Awesome. What day/time works for you? Maybe we should have like a mini meet and contact everyone in this thread? Or do you just want to meet up with me?


----------



## bward584 (Sep 15, 2011)

Jaja, where are you at in chicago? I wouldnt mind trying to set something up with everyone. I just got my VW so dont expect any changes from stock, except intake :facepalm:. But it would be awesome to check out your cars and just talk cars. haha.


----------



## jaja123 (Jan 17, 2011)

Im in the northern suburbs like glenview, skokie, wilmette area but I wouldn't mind drivin down there.
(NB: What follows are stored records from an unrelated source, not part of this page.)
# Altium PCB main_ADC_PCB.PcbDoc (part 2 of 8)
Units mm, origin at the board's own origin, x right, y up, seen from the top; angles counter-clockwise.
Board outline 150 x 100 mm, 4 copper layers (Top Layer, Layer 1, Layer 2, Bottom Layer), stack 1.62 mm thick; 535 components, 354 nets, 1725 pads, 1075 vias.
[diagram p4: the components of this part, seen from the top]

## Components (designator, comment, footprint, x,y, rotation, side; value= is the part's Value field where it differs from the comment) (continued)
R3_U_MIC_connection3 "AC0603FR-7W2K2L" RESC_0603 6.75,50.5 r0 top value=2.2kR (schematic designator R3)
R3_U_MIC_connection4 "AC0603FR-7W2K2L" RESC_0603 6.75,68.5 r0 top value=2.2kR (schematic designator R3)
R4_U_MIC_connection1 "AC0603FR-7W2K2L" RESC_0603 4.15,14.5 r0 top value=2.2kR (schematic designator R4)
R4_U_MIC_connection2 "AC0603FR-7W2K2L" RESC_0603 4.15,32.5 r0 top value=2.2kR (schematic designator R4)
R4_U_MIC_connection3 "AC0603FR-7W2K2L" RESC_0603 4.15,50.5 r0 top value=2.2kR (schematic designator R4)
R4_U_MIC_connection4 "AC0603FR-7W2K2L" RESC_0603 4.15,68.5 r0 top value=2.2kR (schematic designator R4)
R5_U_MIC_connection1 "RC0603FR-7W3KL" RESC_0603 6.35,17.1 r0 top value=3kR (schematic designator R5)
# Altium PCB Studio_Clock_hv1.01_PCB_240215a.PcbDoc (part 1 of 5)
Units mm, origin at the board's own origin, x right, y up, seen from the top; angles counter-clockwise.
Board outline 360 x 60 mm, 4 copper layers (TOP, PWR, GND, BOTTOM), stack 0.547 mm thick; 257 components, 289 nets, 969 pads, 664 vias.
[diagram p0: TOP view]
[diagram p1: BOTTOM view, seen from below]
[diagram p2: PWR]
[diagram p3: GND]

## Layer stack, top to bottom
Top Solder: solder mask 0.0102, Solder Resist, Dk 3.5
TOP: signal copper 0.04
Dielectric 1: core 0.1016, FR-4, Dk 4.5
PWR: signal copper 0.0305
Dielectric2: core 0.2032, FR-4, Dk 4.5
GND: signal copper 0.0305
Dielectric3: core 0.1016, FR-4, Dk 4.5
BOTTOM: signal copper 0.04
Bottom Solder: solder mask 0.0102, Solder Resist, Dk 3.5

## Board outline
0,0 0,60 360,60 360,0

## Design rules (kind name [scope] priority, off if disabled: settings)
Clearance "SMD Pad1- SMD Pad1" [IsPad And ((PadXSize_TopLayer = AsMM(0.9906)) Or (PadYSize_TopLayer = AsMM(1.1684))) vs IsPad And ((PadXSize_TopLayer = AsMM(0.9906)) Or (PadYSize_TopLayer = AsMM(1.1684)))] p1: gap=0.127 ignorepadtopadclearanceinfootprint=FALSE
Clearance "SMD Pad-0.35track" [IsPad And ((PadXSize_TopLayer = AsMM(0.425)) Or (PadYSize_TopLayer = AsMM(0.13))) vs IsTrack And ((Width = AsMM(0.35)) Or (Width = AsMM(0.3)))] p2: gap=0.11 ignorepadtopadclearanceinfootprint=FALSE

And my car isnt too far from stock either so dont worry( Still rockin steelies and hubcaps). And I think we may have to contact people through private messaging.


----------



## WhatNoGarnish (Jul 6, 2007)

I'm Down, 

Shall we move this thread to the regional forum?


----------



## bward584 (Sep 15, 2011)

WhatNoGarnish said:


> I'm Down,
> 
> Shall we move this thread to the regional forum?


 I think we shall!


----------



## Maggiolone (Aug 20, 2007)

WhatNoGarnish said:


> I use to live by the admiral theatre opcorn:


Hahahaha Rich. 

I _still_ live by the Admiral....but I don't have a 2.5. However, if I add up the liters of both of my cars' engines, I get 3.5. Can I still play?


----------



## bward584 (Sep 15, 2011)

Ive been there! Its lame you cant drink inside... That bar next door must be VERRRYYY happy! :laugh:


----------



## Maggiolone (Aug 20, 2007)

bward584 said:


> Ive been there! Its lame you cant drink inside... That bar next door must be VERRRYYY happy! :laugh:


...that's because the Admiral is 18+

People I went to HS with would go there on their 18th birthdays and half of them had fake ID's that the Admiral never picked up on...kinda scuzzy.


----------



## mk racer (Jun 28, 2007)

Palatine/ schaumburg area


----------



## bward584 (Sep 15, 2011)

We really should put together a meet. I went to a meet with a bunch of guys from golfmk6.com. They were cool, but it was all GTI's. We gotta get a rabbit meet going.


----------



## jaja123 (Jan 17, 2011)

hmm I kinda forgot about this sorry. Im still up for it


----------



## haunted reality (Apr 18, 2001)

I'm in the SW burbs have a 2.5 JSW.


----------



## 06_JETTA_MASTER (Aug 13, 2010)

Chicagoland area near 79th and Cicero!


----------